Unlike Burma or Malaysia, we’re not water rich. In 2000, we had only 6,332 cubic meters of total actual renewable water resources per capita, Asian Development Bank notes. That dipped to 5,880 cm five years later. It is still falling today.
Water remains clear upstream. But it morphs into a murky lethal cocktail as it meanders through littered rivers and chemical tainted creeks More than half ( 58 percent ) of groundwater today is contaminated. Of 457 water bodies classified by DENR, only half ( 51% ) meet 1996 water standards.
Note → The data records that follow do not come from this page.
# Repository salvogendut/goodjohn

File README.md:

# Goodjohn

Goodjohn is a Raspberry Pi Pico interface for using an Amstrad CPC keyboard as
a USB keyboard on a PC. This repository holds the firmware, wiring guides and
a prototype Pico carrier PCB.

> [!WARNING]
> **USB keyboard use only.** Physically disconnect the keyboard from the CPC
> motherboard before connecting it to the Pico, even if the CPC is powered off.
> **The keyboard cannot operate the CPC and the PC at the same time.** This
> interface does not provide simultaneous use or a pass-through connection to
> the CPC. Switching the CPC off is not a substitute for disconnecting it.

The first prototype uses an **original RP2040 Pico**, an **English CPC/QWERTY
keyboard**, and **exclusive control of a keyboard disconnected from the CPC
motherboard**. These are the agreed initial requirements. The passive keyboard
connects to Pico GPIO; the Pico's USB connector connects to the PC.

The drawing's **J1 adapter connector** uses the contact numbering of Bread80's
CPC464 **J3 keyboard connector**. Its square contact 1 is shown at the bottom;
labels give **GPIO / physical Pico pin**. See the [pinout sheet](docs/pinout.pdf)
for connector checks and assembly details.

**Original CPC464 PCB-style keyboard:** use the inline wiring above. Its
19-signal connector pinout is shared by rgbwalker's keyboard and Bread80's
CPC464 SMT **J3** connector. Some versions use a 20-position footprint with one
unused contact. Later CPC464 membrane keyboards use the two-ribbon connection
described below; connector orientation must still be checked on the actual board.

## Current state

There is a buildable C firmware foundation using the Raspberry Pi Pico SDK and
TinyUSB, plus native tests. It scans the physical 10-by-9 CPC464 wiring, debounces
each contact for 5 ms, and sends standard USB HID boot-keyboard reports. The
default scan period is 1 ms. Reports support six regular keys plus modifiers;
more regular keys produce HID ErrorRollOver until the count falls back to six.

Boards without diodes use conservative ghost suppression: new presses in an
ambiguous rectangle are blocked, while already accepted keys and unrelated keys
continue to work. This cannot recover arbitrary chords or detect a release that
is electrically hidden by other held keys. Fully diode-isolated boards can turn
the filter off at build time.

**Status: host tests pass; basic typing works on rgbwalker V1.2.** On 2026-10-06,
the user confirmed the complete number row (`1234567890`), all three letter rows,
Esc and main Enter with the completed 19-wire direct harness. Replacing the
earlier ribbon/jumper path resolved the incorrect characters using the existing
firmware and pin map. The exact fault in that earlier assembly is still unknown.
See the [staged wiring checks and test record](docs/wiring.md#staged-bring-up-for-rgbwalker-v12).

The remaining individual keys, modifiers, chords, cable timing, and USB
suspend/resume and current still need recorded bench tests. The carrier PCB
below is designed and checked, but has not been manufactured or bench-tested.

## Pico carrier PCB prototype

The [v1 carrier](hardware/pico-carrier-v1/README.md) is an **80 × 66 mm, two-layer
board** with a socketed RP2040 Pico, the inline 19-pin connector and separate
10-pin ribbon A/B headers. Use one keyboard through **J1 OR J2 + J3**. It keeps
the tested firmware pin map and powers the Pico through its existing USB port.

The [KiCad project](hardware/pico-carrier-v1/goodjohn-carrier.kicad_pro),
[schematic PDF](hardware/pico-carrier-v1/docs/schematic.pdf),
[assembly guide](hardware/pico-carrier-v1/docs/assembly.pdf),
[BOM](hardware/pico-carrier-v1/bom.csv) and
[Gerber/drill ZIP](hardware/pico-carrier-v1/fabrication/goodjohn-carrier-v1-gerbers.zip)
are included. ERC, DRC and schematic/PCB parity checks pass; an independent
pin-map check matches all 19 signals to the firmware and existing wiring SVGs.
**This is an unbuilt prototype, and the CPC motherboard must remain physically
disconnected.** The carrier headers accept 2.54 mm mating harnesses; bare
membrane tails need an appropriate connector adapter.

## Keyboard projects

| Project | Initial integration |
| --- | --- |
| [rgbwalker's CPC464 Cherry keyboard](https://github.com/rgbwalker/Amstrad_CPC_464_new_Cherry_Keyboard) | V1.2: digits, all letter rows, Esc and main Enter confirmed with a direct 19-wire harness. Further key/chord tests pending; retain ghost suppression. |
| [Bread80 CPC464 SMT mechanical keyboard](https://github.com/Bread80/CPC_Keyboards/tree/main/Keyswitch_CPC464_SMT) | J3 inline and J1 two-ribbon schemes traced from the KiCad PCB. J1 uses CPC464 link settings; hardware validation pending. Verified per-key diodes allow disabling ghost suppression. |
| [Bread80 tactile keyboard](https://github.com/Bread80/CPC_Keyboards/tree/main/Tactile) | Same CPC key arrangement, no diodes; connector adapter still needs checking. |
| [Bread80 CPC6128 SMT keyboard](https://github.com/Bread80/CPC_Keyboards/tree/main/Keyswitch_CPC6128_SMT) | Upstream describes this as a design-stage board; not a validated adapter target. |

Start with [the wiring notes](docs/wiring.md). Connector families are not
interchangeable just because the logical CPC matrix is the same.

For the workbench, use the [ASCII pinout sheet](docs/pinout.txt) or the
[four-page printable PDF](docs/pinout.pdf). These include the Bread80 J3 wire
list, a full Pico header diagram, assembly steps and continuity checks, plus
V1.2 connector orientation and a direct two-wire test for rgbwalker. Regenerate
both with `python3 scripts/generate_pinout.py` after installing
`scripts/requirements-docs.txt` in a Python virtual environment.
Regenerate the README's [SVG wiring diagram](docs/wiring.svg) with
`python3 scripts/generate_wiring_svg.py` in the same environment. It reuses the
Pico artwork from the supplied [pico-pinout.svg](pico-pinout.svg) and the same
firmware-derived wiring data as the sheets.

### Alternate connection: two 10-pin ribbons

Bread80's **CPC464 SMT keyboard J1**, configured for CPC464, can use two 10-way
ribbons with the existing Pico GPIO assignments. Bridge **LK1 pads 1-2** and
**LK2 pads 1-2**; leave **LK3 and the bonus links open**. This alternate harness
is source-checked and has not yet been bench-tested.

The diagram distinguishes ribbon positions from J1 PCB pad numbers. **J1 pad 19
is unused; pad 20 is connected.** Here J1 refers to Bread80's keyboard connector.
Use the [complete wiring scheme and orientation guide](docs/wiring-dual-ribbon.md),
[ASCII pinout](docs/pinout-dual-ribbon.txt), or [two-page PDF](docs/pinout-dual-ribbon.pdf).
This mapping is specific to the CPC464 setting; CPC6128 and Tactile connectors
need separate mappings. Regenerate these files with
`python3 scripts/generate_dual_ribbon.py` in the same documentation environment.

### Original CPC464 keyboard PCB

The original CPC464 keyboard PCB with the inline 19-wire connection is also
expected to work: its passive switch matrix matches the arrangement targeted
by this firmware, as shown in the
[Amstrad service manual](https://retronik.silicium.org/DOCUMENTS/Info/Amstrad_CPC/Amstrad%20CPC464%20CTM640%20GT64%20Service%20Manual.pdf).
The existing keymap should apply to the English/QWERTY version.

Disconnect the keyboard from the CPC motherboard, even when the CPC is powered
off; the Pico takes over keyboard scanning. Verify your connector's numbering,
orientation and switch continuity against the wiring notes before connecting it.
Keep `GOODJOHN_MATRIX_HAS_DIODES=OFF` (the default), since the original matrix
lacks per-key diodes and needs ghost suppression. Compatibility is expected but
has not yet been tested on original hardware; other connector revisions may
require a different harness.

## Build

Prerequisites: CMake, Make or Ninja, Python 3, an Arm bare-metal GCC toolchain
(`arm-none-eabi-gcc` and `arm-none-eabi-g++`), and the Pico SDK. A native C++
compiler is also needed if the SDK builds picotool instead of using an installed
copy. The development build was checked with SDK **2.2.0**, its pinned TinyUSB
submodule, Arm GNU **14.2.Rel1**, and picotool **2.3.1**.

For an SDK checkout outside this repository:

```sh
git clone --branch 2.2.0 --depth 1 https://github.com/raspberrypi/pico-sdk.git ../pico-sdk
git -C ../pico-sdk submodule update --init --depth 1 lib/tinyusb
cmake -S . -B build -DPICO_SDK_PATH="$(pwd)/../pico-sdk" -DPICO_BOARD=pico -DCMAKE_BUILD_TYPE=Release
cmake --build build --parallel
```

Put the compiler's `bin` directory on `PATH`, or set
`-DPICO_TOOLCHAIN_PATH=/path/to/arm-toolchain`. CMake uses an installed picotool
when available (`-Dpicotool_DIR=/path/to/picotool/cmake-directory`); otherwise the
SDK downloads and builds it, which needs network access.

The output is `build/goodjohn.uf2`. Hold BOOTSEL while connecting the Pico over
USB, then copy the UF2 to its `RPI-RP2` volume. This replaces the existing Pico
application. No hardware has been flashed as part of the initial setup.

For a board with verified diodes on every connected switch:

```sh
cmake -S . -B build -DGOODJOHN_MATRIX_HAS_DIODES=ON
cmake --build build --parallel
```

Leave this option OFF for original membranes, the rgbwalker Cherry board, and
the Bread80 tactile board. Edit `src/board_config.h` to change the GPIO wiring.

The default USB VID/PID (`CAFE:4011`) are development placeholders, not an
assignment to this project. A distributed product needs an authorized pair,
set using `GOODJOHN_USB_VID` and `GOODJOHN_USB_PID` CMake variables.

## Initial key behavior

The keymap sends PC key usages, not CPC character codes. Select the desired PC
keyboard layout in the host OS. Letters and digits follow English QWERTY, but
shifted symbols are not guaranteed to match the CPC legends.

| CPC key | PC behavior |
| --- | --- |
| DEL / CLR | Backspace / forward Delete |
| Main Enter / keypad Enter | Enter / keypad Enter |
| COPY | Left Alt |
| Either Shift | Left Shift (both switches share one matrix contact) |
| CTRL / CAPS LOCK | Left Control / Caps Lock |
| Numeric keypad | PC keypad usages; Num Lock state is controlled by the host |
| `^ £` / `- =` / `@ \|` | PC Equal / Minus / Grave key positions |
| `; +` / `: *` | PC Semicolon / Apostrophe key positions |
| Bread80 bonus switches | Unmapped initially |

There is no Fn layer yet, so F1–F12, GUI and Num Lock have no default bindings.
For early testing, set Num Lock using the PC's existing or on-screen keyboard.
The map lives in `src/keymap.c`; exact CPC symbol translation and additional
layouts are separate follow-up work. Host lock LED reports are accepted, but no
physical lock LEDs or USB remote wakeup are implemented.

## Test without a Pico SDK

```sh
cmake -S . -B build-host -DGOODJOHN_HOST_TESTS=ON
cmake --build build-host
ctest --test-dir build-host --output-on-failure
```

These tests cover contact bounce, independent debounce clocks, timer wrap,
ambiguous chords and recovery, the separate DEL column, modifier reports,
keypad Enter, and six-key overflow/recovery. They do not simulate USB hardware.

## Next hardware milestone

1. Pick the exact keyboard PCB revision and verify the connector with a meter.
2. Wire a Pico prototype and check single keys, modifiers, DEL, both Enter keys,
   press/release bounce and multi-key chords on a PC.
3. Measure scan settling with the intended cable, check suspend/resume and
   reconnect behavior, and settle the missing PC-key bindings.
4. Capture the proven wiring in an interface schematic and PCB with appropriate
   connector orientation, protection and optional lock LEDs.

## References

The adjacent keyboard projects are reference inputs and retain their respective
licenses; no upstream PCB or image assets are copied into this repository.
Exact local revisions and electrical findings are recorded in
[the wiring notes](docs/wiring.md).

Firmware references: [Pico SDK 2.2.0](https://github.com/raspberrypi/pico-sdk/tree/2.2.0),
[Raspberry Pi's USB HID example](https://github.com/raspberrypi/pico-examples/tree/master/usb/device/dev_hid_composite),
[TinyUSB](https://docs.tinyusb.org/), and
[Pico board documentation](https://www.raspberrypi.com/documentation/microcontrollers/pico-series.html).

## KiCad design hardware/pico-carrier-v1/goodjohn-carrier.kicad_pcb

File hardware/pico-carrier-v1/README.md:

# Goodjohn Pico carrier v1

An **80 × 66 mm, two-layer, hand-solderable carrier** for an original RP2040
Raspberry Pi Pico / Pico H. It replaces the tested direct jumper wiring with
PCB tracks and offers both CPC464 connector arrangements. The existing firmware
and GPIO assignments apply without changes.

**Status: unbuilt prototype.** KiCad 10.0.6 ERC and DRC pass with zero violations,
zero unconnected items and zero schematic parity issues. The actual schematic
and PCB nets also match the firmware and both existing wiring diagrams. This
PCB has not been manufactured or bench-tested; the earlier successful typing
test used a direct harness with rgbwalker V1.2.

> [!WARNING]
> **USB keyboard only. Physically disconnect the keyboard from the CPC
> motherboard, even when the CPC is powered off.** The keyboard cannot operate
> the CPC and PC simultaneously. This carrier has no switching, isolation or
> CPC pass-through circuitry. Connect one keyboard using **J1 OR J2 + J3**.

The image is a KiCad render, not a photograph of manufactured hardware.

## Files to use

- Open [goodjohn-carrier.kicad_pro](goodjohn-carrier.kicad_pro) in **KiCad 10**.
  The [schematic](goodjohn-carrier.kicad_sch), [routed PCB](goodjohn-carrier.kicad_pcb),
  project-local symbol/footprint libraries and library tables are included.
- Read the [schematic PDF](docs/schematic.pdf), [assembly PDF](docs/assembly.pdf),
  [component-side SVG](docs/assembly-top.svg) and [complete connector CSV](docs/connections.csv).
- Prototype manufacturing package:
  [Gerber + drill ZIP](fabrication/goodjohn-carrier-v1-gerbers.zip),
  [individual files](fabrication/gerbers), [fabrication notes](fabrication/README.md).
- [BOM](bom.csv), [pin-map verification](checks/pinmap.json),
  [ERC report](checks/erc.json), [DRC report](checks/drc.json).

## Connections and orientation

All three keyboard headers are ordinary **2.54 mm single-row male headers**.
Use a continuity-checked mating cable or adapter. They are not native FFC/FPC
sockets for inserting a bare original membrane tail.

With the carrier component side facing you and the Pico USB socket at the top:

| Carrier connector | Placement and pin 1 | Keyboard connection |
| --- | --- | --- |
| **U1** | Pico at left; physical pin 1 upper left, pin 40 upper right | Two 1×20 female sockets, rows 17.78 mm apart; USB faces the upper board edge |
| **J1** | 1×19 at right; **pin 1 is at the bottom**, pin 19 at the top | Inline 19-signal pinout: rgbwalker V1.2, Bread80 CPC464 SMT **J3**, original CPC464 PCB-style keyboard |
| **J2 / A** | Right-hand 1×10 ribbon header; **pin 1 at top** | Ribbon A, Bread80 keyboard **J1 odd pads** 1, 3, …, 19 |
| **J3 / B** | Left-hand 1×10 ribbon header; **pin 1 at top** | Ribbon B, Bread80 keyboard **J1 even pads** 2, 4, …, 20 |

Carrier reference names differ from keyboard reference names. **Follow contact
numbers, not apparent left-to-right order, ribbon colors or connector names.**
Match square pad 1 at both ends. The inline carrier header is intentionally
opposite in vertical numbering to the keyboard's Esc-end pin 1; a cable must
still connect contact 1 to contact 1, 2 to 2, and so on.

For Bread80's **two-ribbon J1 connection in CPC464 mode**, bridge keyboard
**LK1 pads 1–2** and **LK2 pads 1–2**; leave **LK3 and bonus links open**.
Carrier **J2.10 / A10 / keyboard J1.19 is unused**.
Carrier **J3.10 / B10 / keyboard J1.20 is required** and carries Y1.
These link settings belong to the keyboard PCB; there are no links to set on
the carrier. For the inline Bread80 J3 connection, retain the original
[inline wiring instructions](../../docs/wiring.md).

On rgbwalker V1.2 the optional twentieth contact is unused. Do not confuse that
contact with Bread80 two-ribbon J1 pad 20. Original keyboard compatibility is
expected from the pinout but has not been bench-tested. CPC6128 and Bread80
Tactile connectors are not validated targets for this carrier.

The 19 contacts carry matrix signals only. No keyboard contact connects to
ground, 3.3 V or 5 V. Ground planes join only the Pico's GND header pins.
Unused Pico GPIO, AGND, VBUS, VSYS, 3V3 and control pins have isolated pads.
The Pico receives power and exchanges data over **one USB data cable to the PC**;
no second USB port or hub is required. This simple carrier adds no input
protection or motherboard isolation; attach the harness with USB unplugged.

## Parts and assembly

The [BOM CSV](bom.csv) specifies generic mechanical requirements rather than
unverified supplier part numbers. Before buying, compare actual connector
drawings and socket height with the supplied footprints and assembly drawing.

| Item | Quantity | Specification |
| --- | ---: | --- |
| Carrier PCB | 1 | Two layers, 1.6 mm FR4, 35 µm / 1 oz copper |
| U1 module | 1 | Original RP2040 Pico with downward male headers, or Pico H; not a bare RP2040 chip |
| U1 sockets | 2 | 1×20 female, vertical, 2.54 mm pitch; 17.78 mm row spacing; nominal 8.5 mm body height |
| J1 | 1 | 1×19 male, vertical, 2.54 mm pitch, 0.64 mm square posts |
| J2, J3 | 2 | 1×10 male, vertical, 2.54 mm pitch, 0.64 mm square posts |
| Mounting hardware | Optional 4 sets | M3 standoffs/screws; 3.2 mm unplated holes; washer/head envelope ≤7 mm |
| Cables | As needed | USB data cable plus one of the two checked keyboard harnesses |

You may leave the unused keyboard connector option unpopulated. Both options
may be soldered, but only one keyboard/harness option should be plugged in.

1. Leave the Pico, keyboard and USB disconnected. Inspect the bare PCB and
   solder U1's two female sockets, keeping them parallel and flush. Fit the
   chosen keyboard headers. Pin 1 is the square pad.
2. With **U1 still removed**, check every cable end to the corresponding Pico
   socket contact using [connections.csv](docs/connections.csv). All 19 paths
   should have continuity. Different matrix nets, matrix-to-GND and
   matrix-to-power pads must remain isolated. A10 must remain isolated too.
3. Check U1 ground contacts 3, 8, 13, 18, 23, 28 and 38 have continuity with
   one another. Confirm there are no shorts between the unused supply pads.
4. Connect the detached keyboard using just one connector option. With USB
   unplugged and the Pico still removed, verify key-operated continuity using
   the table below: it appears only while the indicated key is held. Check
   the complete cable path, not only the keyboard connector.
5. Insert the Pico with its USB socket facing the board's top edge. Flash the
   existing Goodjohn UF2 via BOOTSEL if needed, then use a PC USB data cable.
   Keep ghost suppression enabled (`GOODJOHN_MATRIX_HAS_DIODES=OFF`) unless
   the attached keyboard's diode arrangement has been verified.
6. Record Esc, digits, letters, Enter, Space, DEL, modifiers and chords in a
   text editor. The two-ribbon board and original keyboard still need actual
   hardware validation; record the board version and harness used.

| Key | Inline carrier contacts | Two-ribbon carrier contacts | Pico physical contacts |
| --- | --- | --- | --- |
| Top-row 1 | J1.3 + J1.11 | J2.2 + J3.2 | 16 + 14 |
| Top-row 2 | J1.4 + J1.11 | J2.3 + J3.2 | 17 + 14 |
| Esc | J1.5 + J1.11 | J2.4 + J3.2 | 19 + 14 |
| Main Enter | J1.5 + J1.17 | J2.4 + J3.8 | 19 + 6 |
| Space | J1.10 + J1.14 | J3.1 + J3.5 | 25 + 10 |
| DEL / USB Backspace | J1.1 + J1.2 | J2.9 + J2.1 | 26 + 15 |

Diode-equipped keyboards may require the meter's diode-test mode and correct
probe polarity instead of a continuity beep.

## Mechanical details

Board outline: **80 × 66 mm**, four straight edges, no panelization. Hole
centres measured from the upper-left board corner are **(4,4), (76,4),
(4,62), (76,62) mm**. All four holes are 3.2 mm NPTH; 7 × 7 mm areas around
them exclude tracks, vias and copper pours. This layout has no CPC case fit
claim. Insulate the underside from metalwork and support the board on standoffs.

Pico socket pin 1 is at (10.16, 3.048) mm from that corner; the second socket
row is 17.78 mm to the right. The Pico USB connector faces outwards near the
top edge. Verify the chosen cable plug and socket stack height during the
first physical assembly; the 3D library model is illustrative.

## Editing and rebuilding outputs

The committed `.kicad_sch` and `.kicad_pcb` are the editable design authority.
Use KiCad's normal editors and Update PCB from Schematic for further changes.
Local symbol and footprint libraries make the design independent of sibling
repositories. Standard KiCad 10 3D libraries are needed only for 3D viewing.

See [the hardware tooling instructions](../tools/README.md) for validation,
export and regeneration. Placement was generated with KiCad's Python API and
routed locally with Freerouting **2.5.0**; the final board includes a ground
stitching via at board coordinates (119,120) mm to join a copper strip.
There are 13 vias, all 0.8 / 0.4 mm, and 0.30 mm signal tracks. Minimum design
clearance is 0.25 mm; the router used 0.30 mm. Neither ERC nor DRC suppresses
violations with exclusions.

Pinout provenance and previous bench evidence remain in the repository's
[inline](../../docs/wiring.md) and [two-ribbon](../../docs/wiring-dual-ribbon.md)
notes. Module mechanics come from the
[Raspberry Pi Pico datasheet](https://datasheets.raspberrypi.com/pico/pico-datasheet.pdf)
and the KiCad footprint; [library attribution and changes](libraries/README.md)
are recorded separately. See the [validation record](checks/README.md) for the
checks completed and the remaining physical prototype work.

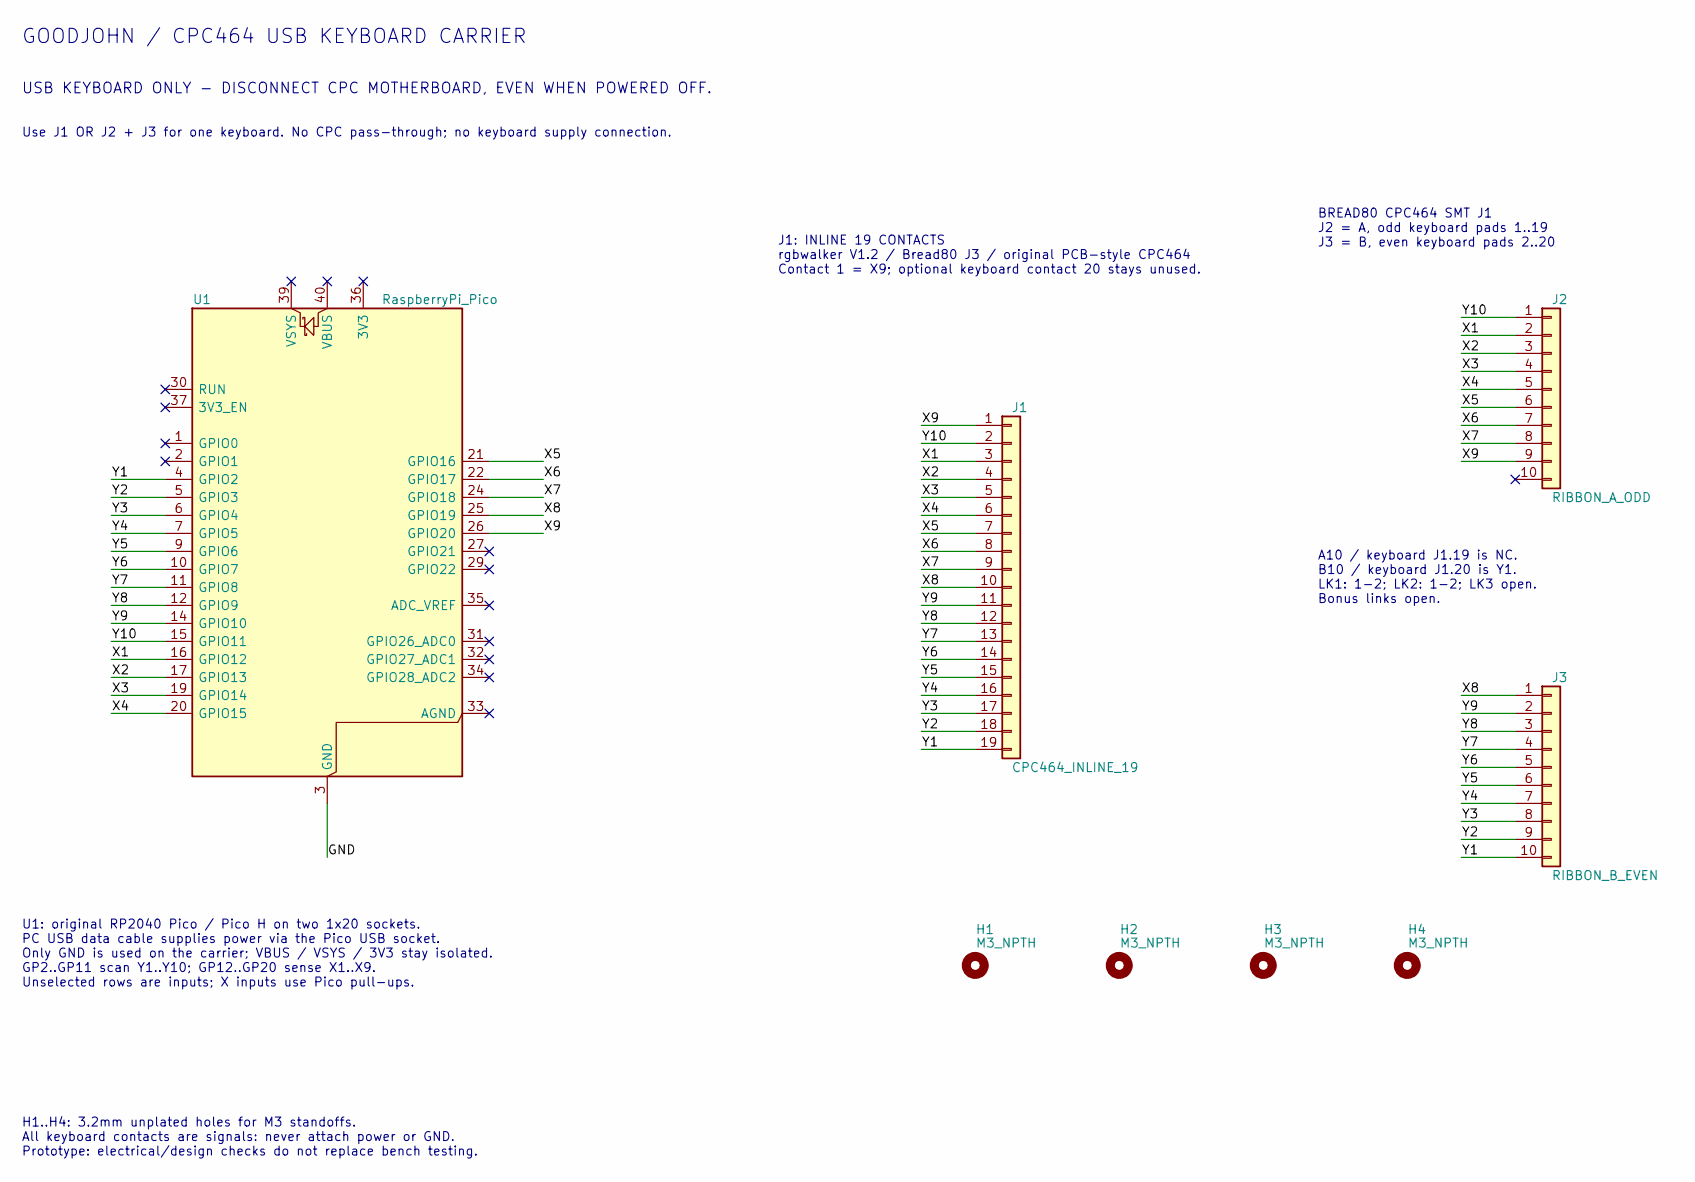
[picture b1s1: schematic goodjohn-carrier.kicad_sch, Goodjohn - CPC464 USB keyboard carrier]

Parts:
H1, H2, H3, H4: M3_NPTH; MountingHole_3.2mm_M3
J1: CPC464_INLINE_19; PinHeader_1x19_P2.54mm_Vertical
J2: RIBBON_A_ODD; PinHeader_1x10_P2.54mm_Vertical
J3: RIBBON_B_EVEN; PinHeader_1x10_P2.54mm_Vertical
U1: RaspberryPi_Pico; Pico_Socketed_RP2040

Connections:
/GND: U1.3 (GND), U1.8 (GND), U1.13 (GND), U1.18 (GND), U1.23 (GND), U1.28 (GND), U1.38 (GND)
/X1: J1.3, J2.2, U1.16 (GPIO12)
/X2: J1.4, J2.3, U1.17 (GPIO13)
/X3: J1.5, J2.4, U1.19 (GPIO14)
/X4: J1.6, J2.5, U1.20 (GPIO15)
/X5: J1.7, J2.6, U1.21 (GPIO16)
/X6: J1.8, J2.7, U1.22 (GPIO17)
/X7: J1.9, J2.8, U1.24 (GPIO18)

Two- third of rivers no longer provide potable water. Pag walang tubig na linaw, iinumin kahit labo, the Tagalog proverb says.(“It there is no clear water, one will drink even the turbid.”)
Children are specially vulnerable to water-borne diseases. Annual infant deaths, from diarrhea alone, exceed the toll of Mindanao armed clashes, Viewpoint commented in “Poisoned Wells ( CDN/ Jan 8,2008) This ecological decay spawns a Jekyll-and-Hyde paradox : from life giver, water turns into a killer,.
“ Indeed, it is a grave moral shortcoming if people can not drink water without courting disease or death,” Worldwatch Institute’s Sandra Postel stresses.
Scampering to cushion El Nino’s blows is essential . But who among those who proclaim themselves fit to lead this troubled nation., have looked beyond periodic crises? Who has really grappled with long term water security?
Few budged when Japan International Cooperation Agency warned back in 1998: Unless decisive reforms were adopted, water resources would be at a critical stage by 2025. Main cities and eight of 19 major river basins, will be parched or polluted
Many developing countries risk mortgaging their water security, in a decade or two, if business-as-usual mindsets persist, cautioned ADB vice president Ursula Schafer-Preuss
Cebu City exemplifies this “tomorrow-will-be-another- today mentality.”.The burg is 99% dependent on water mined from collapsing aquifers. The city siphons twice what is recharged. Water tables have slumped. Salt water has seeped into aquifers by Cebu foothills over eight kilometers inland. This is irreversible damage.
Metro Cebu Water District serves only 55% of residents whose number quadrupled since 1940. The number of homes with water taps is a fraction more than when Mayor Tomas Osmena took over City Hall. three terms back.
He denies a water crisis even as he steps down from city hall. Thus, he blocked proposals to pipe surface water from outside the city. That’s the only alternative to terminal collapse of aquifers.
In so doing Osmena also scrubbed long term water supply for his pet project: the 297-hectare South Reclamation project. No investor of sound mind will build in an area that drills into already collapsing aquifers for water.
In Shakespeare’s inimitable phrase, Mayor Osmena “hoisted himself with his own petard”. He did it with superb efficiency.Sure. But that, alas, is not a substitute for water policy.